Give back, word for word, every line from the one containing "#22161 = DIRECTION" to the end of the listing, and nothing more.
<<<<
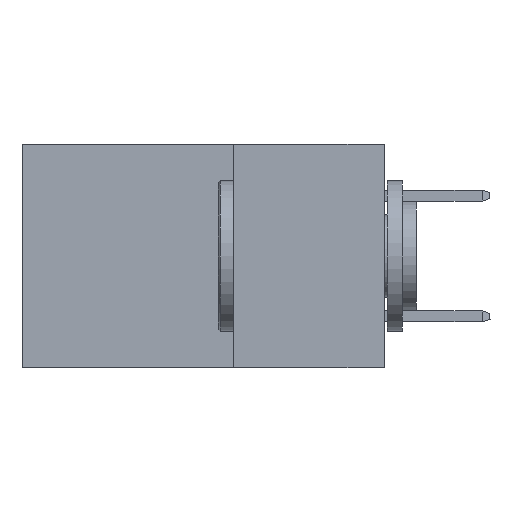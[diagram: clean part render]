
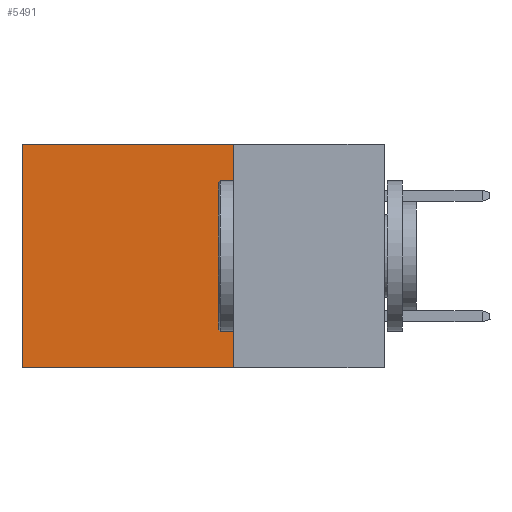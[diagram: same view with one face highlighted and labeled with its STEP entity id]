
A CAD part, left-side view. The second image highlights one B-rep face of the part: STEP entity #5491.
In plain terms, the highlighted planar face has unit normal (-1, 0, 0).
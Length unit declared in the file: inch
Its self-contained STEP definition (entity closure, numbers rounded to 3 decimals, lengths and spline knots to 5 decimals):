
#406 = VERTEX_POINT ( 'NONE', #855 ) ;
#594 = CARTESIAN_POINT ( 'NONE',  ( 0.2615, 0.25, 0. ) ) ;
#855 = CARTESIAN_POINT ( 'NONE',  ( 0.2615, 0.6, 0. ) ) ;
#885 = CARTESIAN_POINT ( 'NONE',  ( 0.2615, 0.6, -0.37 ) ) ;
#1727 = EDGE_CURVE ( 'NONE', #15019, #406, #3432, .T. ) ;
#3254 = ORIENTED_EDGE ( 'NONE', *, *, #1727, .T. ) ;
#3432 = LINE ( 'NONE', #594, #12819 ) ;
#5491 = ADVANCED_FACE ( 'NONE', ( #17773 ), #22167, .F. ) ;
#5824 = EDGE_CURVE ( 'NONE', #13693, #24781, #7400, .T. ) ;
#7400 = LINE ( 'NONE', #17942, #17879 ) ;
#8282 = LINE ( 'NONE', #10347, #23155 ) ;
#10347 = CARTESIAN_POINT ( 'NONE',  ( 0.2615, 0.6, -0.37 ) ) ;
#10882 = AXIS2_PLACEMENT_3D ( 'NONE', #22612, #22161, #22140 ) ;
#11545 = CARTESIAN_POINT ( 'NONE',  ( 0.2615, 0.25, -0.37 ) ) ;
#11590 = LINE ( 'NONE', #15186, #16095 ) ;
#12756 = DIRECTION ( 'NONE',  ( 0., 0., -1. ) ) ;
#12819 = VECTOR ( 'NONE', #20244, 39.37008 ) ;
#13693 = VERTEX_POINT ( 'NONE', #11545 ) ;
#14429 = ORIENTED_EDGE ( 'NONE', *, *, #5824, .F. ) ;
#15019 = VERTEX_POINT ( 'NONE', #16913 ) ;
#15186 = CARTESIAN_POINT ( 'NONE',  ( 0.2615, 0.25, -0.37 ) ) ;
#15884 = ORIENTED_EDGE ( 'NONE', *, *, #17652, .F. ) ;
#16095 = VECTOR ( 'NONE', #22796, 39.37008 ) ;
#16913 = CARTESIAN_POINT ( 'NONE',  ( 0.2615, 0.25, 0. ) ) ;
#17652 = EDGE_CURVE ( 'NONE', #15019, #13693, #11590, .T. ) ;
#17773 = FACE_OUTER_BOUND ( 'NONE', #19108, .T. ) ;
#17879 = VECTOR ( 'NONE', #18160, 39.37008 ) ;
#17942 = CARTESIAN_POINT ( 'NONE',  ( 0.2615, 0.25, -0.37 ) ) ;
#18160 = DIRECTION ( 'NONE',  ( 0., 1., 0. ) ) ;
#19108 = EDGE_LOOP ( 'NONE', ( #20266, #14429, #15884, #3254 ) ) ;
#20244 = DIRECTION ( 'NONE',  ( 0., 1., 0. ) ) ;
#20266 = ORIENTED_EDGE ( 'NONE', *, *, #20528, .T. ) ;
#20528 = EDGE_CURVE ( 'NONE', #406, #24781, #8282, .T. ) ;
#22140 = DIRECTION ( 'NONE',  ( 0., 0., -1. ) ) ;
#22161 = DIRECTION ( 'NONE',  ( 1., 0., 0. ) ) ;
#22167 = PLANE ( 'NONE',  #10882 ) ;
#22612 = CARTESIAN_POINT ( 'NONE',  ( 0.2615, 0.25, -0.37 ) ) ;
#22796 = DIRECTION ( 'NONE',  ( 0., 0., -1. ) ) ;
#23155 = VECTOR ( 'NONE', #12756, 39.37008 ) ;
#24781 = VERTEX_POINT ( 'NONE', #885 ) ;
>>>>
- The completed task -
#22161 = DIRECTION ( 'NONE',  ( 1., 0., 0. ) ) ;
#22167 = PLANE ( 'NONE',  #10882 ) ;
#22612 = CARTESIAN_POINT ( 'NONE',  ( 0.2615, 0.25, -0.37 ) ) ;
#22796 = DIRECTION ( 'NONE',  ( 0., 0., -1. ) ) ;
#23155 = VECTOR ( 'NONE', #12756, 39.37008 ) ;
#24781 = VERTEX_POINT ( 'NONE', #885 ) ;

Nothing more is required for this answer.